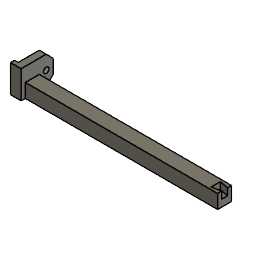
_NewBackstopB - PLA.2799a766-dff8-46e4-9405-490c11756fb7 (Autodesk Fusion 360 design; units mm, degrees)
Autodesk Fusion 360 part; units mm, degrees
sketch "Sketch1" plane through (0, 0, 0) normal (0, 1, 0) x (1, 0, 0)
  line L0 (0, 0) -> (-25, 0)
  line L1 (-25, 0) -> (-25, -5)
  line L2 (-25, -5) -> (5, -5)
  line L3 (0, 0) -> (0, 10)
  line L4 (0, 10) -> (5, 10)
  line L5 (5, 10) -> (5, -5)
  line L6 (-25, 0) -> (-245, 0)
  line L7 (-245, 0) -> (-245, -5)
  line L8 (-245, -5) -> (-25, -5)
  line L9 (-25, 0) -> (-140, 0)
  line L10 (-140, 0) -> (-140, 27.0089)
  line L11 (-270, 10) -> (-275, 10)
  line L12 (-270, 0) -> (-270, 10)
  line L13 (-275, 10) -> (-275, -5)
  line L14 (-270, 0) -> (-245, 0)
  line L15 (-245, -5) -> (-275, -5)
  line L16 (-245, 0) -> (-245, -5)
  point P0 (-270, 0)
  dimension "d1" = 25
  dimension "d2" = 5
  dimension "d3" = 30
  dimension "d4" = 10
  dimension "d5" = 5
  dimension "d6" = 220
  dimension "d7" = 5
  dimension "d8" = 115
  constraint coincident L0.start L3.start
  constraint horizontal L0
  constraint perpendicular L0 L1
  constraint perpendicular L1 L2
  constraint perpendicular L0 L3
  constraint perpendicular L3 L4
  constraint perpendicular L1 L6
  constraint perpendicular L6 L7
  constraint perpendicular L1 L9
  constraint perpendicular L6 L10
  measures "d1" distance of L0.start L0.end
  measures "d2" distance of L0.end L1.end
  measures "d3" distance of L1.end L2.end
  measures "d4" distance of L0.start L3.end
  measures "d5" distance of L3.end L4.end
  measures "d6" distance of L0.end L6.end
  measures "d7" distance of L6.end L7.end
  measures "d8" distance of L0.end L9.end
extrude "Extrude1" add sketch "Sketch1" along normal blind 10
extrude "Extrude2" add sketch "Sketch1" along normal blind 20 contours L0 L1 L2 L3 L4 L5 | L7 L11 L12 L13 L14 L15 L16
sketch "Sketch2" plane through (5, 0, 0) normal (1, 0, 0) x (0, 0, -1)
  line L0 (-5, 0) -> (10, 0)
  line L1 (10, 0) -> (10, 20)
  line L2 (10, 20) -> (-5, 20)
  line L3 (-5, 20) -> (-5, 0)
sketch "Sketch3" plane through (0, 0, 0) normal (-1, 0, 0) x (0, 0, 1)
  line L0 (-10, 0) -> (0, 0)
  line L1 (0, 0) -> (0, 20)
  line L2 (0, 20) -> (-10, 20)
  line L3 (-10, 20) -> (-10, 0)
  line L4 (-10, 0) -> (-5, 0)
  line L5 (-5, 0) -> (-5, 10)
  circle A0 centre (-5, 10) radius 2.5
  dimension "d13" = 5
  dimension "d14" = 10
  dimension "d15" = 5
  constraint coincident L0.start L3.end
  constraint midpoint L0 L4.end
  constraint perpendicular L4 L5
  constraint coincident L5.end A0.centre
  measures "d13" distance of L0.start L4.end
  measures "d14" distance of L4.end L5.end
  measures "d15" diameter of A0
extrude "Extrude3" cut sketch "Sketch3" along normal mid plane 662 contours A0
chamfer "Chamfer1" distance 5 angle 45 4 edges at (2.5, 20, -10) (2.5, 0, -10) (-272.5, 20, -10) (-272.5, 0, -10)
sketch "Sketch5" plane through (0, 10, 0) normal (0, 1, 0) x (-1, 0, 0)
  line L0 (25, 5) -> (25, 0)
  line L1 (25, 0) -> (245, 0)
  line L2 (245, 0) -> (245, 5)
  line L3 (245, 5) -> (25, 5)
  line L4 (245, 0) -> (135, 0)
  dimension "d30" = 110
  constraint coincident L1.end L2.start
  constraint perpendicular L0 L4
  measures "d30" distance of L1.end L4.end
sketch "Sketch6" plane through (0, 0, 5) normal (0, 0, 1) x (1, 0, 0)
  line L0 (-25, 10) -> (-245, 10)
  line L1 (-245, 10) -> (-245, 20)
  line L2 (-245, 20) -> (-275, 20)
  line L3 (-275, 20) -> (-275, 0)
  line L4 (-275, 0) -> (5, 0)
  line L5 (5, 0) -> (5, 20)
  line L6 (5, 20) -> (-25, 20)
  line L7 (-25, 20) -> (-25, 10)
extrude "Extrude5" add 1 faces at (-265, 10, 5) along direction (0, 0, 1) blind 5
sketch "Sketch7" plane through (0, 10, 0) normal (0, 1, 0) x (-1, 0, 0)
  line L0 (25, 10) -> (25, 0)
  line L1 (25, 0) -> (245, 0)
  line L2 (245, 0) -> (245, 10)
  line L3 (245, 10) -> (25, 10)
  line L4 (245, 0) -> (135, 0)
  line L5 (138.7555, 1.7499) -> (132.3542, 2.8786)
  line L6 (138.7555, 8.2499) -> (132.3542, 7.1212)
  line L7 (132.3542, 2.8786) -> (132.3904, 0)
  line L8 (138.7555, 8.2499) -> (138.7555, 1.7499)
  line L9 (132.3542, 7.1212) -> (132.3542, 10)
  line L10 (138.7555, 1.7499) -> (141.0619, 1.7499) construction
  line L11 (138.7555, 8.2499) -> (141.0619, 8.2499) construction
  line L12 (25, 0) -> (245, 0)
  line L13 (128.521, 0) -> (128.521, 5)
  line L14 (270, -5) -> (275, -5)
  line L15 (275, -5) -> (275, 10)
  line L16 (275, 10) -> (245, 10)
  line L17 (245, 10) -> (245, 0)
  line L18 (245, 0) -> (270, 0)
  line L19 (270, 0) -> (270, -5)
  point P0 (132.1074, 10.0354)
  point P1 (138.7555, 4.9999)
  dimension "d33" = 110
  dimension "d34" = 6.5
  dimension "d35" = 170
  dimension "d36" = 6.5
  dimension "d37" = 170
  dimension "d38" = 6.5
  dimension "d41" = 5
  constraint coincident L1.end L2.start
  constraint perpendicular L2 L4
  constraint vertical L8
  constraint horizontal L11
  constraint horizontal L10
  constraint vertical L9
  constraint coincident L5.start L8.end
  constraint coincident L7.end L12
  constraint coincident L3 L9.end
  constraint coincident L12 L13.start
  constraint perpendicular L12 L13
  constraint midpoint L8 P1
  constraint equal L7 L9
  measures "d33" distance of L1.end L4.end
  measures "d34" distance of L6.start L5.start
  measures "d35" angle of L6 L11
  measures "d36" distance of L6.end L6.start
  measures "d37" angle of L5 L10
  measures "d38" distance of L5.start L5.end
  measures "d41" distance of L13.start L13.end
extrude "Extrude8" cut sketch "Sketch7" against normal blind 5 contours L0 L1 L3 L5 L6 L7 L8 L9 L12
sketch "Sketch10" plane through (0, 0, 5) normal (0, 0, 1) x (1, 0, 0)
  line L0 (-138.7555, 5) -> (-132.3542, 5)
  line L1 (-132.3542, 5) -> (-25, 5)
  line L2 (-25, 5) -> (-132.3904, 5)
  line L3 (-132.3542, 5) -> (-138.7555, 5)
  line L4 (-275, 0) -> (-270, 0)
  line L5 (-270, 0) -> (0, 0)
  line L6 (0, 0) -> (5, 0)
  line L7 (5, 0) -> (-275, 0)
  line L8 (-25, 5) -> (-132.3542, 5)
  line L9 (-132.3904, 5) -> (-132.3542, 5)
  line L10 (-132.3542, 10) -> (-132.3904, 10)
  line L11 (-132.3542, 10) -> (-132.3904, 10)
  point P0 (-132.3542, 10)
sketch "Sketch11" plane through (0, 5, 0) normal (0, 1, 0) x (-1, 0, 0)
  line L0 (138.7555, 8.2499) -> (132.3542, 7.1212)
  line L1 (132.3542, 7.1212) -> (132.3542, 10)
  line L2 (132.3542, 10) -> (25, 10)
  line L3 (25, 10) -> (25, 0)
  line L4 (25, 0) -> (132.3904, 0)
  line L5 (132.3904, 0) -> (132.3542, 2.8786)
  line L6 (132.3542, 2.8786) -> (138.7555, 1.7499)
  line L7 (138.7555, 1.7499) -> (138.7555, 8.2499)
  line L8 (132.3904, 0) -> (132.3904, 13.7938)
  line L9 (132.3904, 13.7938) -> (-13.9928, 13.7938)
  line L10 (-13.9928, 13.7938) -> (-13.9928, -23.8644)
  line L11 (-13.9928, -23.8644) -> (132.3904, -21.0994)
  line L12 (132.3904, -21.0994) -> (132.3904, 0)
  constraint coincident L4.end L5.start
  constraint perpendicular L2 L8
  constraint perpendicular L8 L9
  constraint perpendicular L9 L10
  constraint perpendicular L4 L12
extrude "Extrude9" cut sketch "Sketch11" along normal mid plane 40 contours L0 L1 L2 L3 L4 L5 L6 L8 | L0 L1 L2 L3 L4 L8 L9 L10 L11 L12 | L5 L6 L8
sketch "Sketch12" plane through (0, 20, 0) normal (0, 1, 0) x (-1, 0, 0)
  line L0 (270, -5) -> (275, -5)
  line L1 (275, -5) -> (275, 10)
  line L2 (275, 10) -> (245, 10)
  line L3 (270, 0) -> (245, 0)
  line L4 (245, 0) -> (245, 10)
  line L5 (245, 10) -> (270, 10)
  line L6 (270, 10) -> (270, 0)
  constraint horizontal L3
  constraint vertical L4
  constraint horizontal L5
  constraint vertical L6
  constraint coincident L2.end L4.end
extrude "Extrude10" cut sketch "Sketch12" against normal blind 10
sketch "Sketch13" plane through (-270, 0, 0) normal (1, 0, 0) x (0, 0, -1)
  circle A0 centre (5, 10) radius 2.5
  line L0 (5, 0) -> (10, 5)
  line L1 (10, 5) -> (10, 15)
  line L2 (10, 15) -> (5, 20)
  line L3 (5, 20) -> (0, 20)
  line L4 (0, 20) -> (-10, 20)
  line L5 (-10, 20) -> (-10, 10)
  line L6 (-10, 10) -> (0, 10)
  line L7 (0, 10) -> (0, 0)
  line L8 (0, 0) -> (5, 0)
sketch "Sketch14" plane through (0, 0, 10) normal (0, 0, 1) x (1, 0, 0)
  line L0 (-132.3904, 10) -> (-270, 10)
  line L1 (-270, 10) -> (-270, 20)
  line L2 (-270, 20) -> (-275, 20)
  line L3 (-275, 20) -> (-275, 0)
  line L4 (-275, 0) -> (-132.3904, 0)
  line L5 (-132.3904, 0) -> (-132.3904, 10)
  line L6 (-270, 20) -> (-277.675, 20)
  line L7 (-277.675, 20) -> (-277.675, 0)
  line L8 (-277.675, 0) -> (-270, 0)
  line L9 (-270, 0) -> (-270, 20)
  dimension "d54" = 7.675
  constraint horizontal L6
  constraint vertical L7
  constraint horizontal L8
  constraint vertical L9
  constraint coincident L1.end L2.start
  measures "d54" distance of L1.end L6.end
extrude "Extrude11" add sketch "Sketch14" along normal blind 3 contours L1 L2 L3 L4 L6 L8 L9 | L3 L6 L7 L8
sketch "Sketch15" plane through (-270, 0, 0) normal (1, 0, 0) x (0, 0, -1)
  circle A0 centre (5, 10) radius 2.5
  circle A1 centre (5, 10) radius 2
  dimension "d57" = 5
  dimension "d58" = 4
  constraint concentric A0 A1
  measures "d57" diameter of A0
  measures "d58" diameter of A1
extrude "Extrude12" add sketch "Sketch15" against normal blind 5
extrude "Extrude6" [suppressed]
sketch "Sketch8" plane through (0, 5, 0) normal (0, 1, 0) x (-1, 0, 0)
  line L0 (138.2622, 7.9923) -> (138.2622, 1.9923)
  line L1 (138.2622, 1.9923) -> (132.3533, 3.0342)
  line L2 (132.3533, 3.0342) -> (132.3533, 0)
  line L3 (132.3533, 0) -> (245, 0)
  line L4 (245, 0) -> (245, 10)
  line L5 (245, 10) -> (132.3533, 10)
  line L6 (132.3533, 10) -> (132.3533, 6.9504)
  line L7 (132.3533, 6.9504) -> (138.2622, 7.9923)
  line L8 (245, 5) -> (25, 5)
  line L9 (270, -5) -> (275, -5)
  line L10 (275, -5) -> (275, 10)
  line L11 (275, 10) -> (245, 10)
  line L12 (245, 10) -> (245, 0)
  line L13 (245, 0) -> (270, 0)
  line L14 (270, 0) -> (270, -5)
  line L15 (275, -10) -> (275, -5)
  line L16 (275, -5) -> (270, -5)
  line L17 (270, -5) -> (270, -10)
  line L18 (270, -10) -> (275, -10)
sketch "Sketch9" plane through (0, 20, 0) normal (0, 1, 0) x (-1, 0, 0)
  line L0 (270, -5) -> (275, -5)
  line L1 (275, -5) -> (275, 10)
  line L2 (275, 10) -> (245, 10)
  line L3 (245, 10) -> (245, 0)
  line L4 (245, 0) -> (270, 0)
  line L5 (270, 0) -> (270, -5)
  line L6 (275, -10) -> (275, -5)
  line L7 (275, -5) -> (270, -5)
  line L8 (270, -5) -> (270, -10)
  line L9 (270, -10) -> (275, -10)
  line L10 (138.2622, 7.9923) -> (138.2622, 1.9923)
  line L11 (138.2622, 1.9923) -> (132.3533, 3.0342)
  line L12 (132.3533, 3.0342) -> (132.3533, 0)
  line L13 (132.3533, 0) -> (245, 0)
  line L14 (245, 0) -> (245, 10)
  line L15 (245, 10) -> (132.3533, 10)
  line L16 (132.3533, 10) -> (132.3533, 6.9504)
  line L17 (132.3533, 6.9504) -> (138.2622, 7.9923)
  line L18 (138.2622, 1.9923) -> (138.2622, -2.244)
  line L19 (138.2622, -2.244) -> (138.2622, 11)
  constraint coincident L10.end L11.start
  constraint perpendicular L13 L18
  constraint perpendicular L15 L19
extrude "Extrude7" [suppressed]
equation "d54 = 5 mm + ( 25.4 / 8 ) * 1 mm - 0.5 mm"

--*--

• _Task goal_
In the listing above, locate the line containing "line L15 (-245, -5) -> (-275, -5)" and the line containing "constraint perpendicular L1 L2". Extract those two lines and every line between them, exactly as written, and only those.

• _Response below_
  line L15 (-245, -5) -> (-275, -5)
  line L16 (-245, 0) -> (-245, -5)
  point P0 (-270, 0)
  dimension "d1" = 25
  dimension "d2" = 5
  dimension "d3" = 30
  dimension "d4" = 10
  dimension "d5" = 5
  dimension "d6" = 220
  dimension "d7" = 5
  dimension "d8" = 115
  constraint coincident L0.start L3.start
  constraint horizontal L0
  constraint perpendicular L0 L1
  constraint perpendicular L1 L2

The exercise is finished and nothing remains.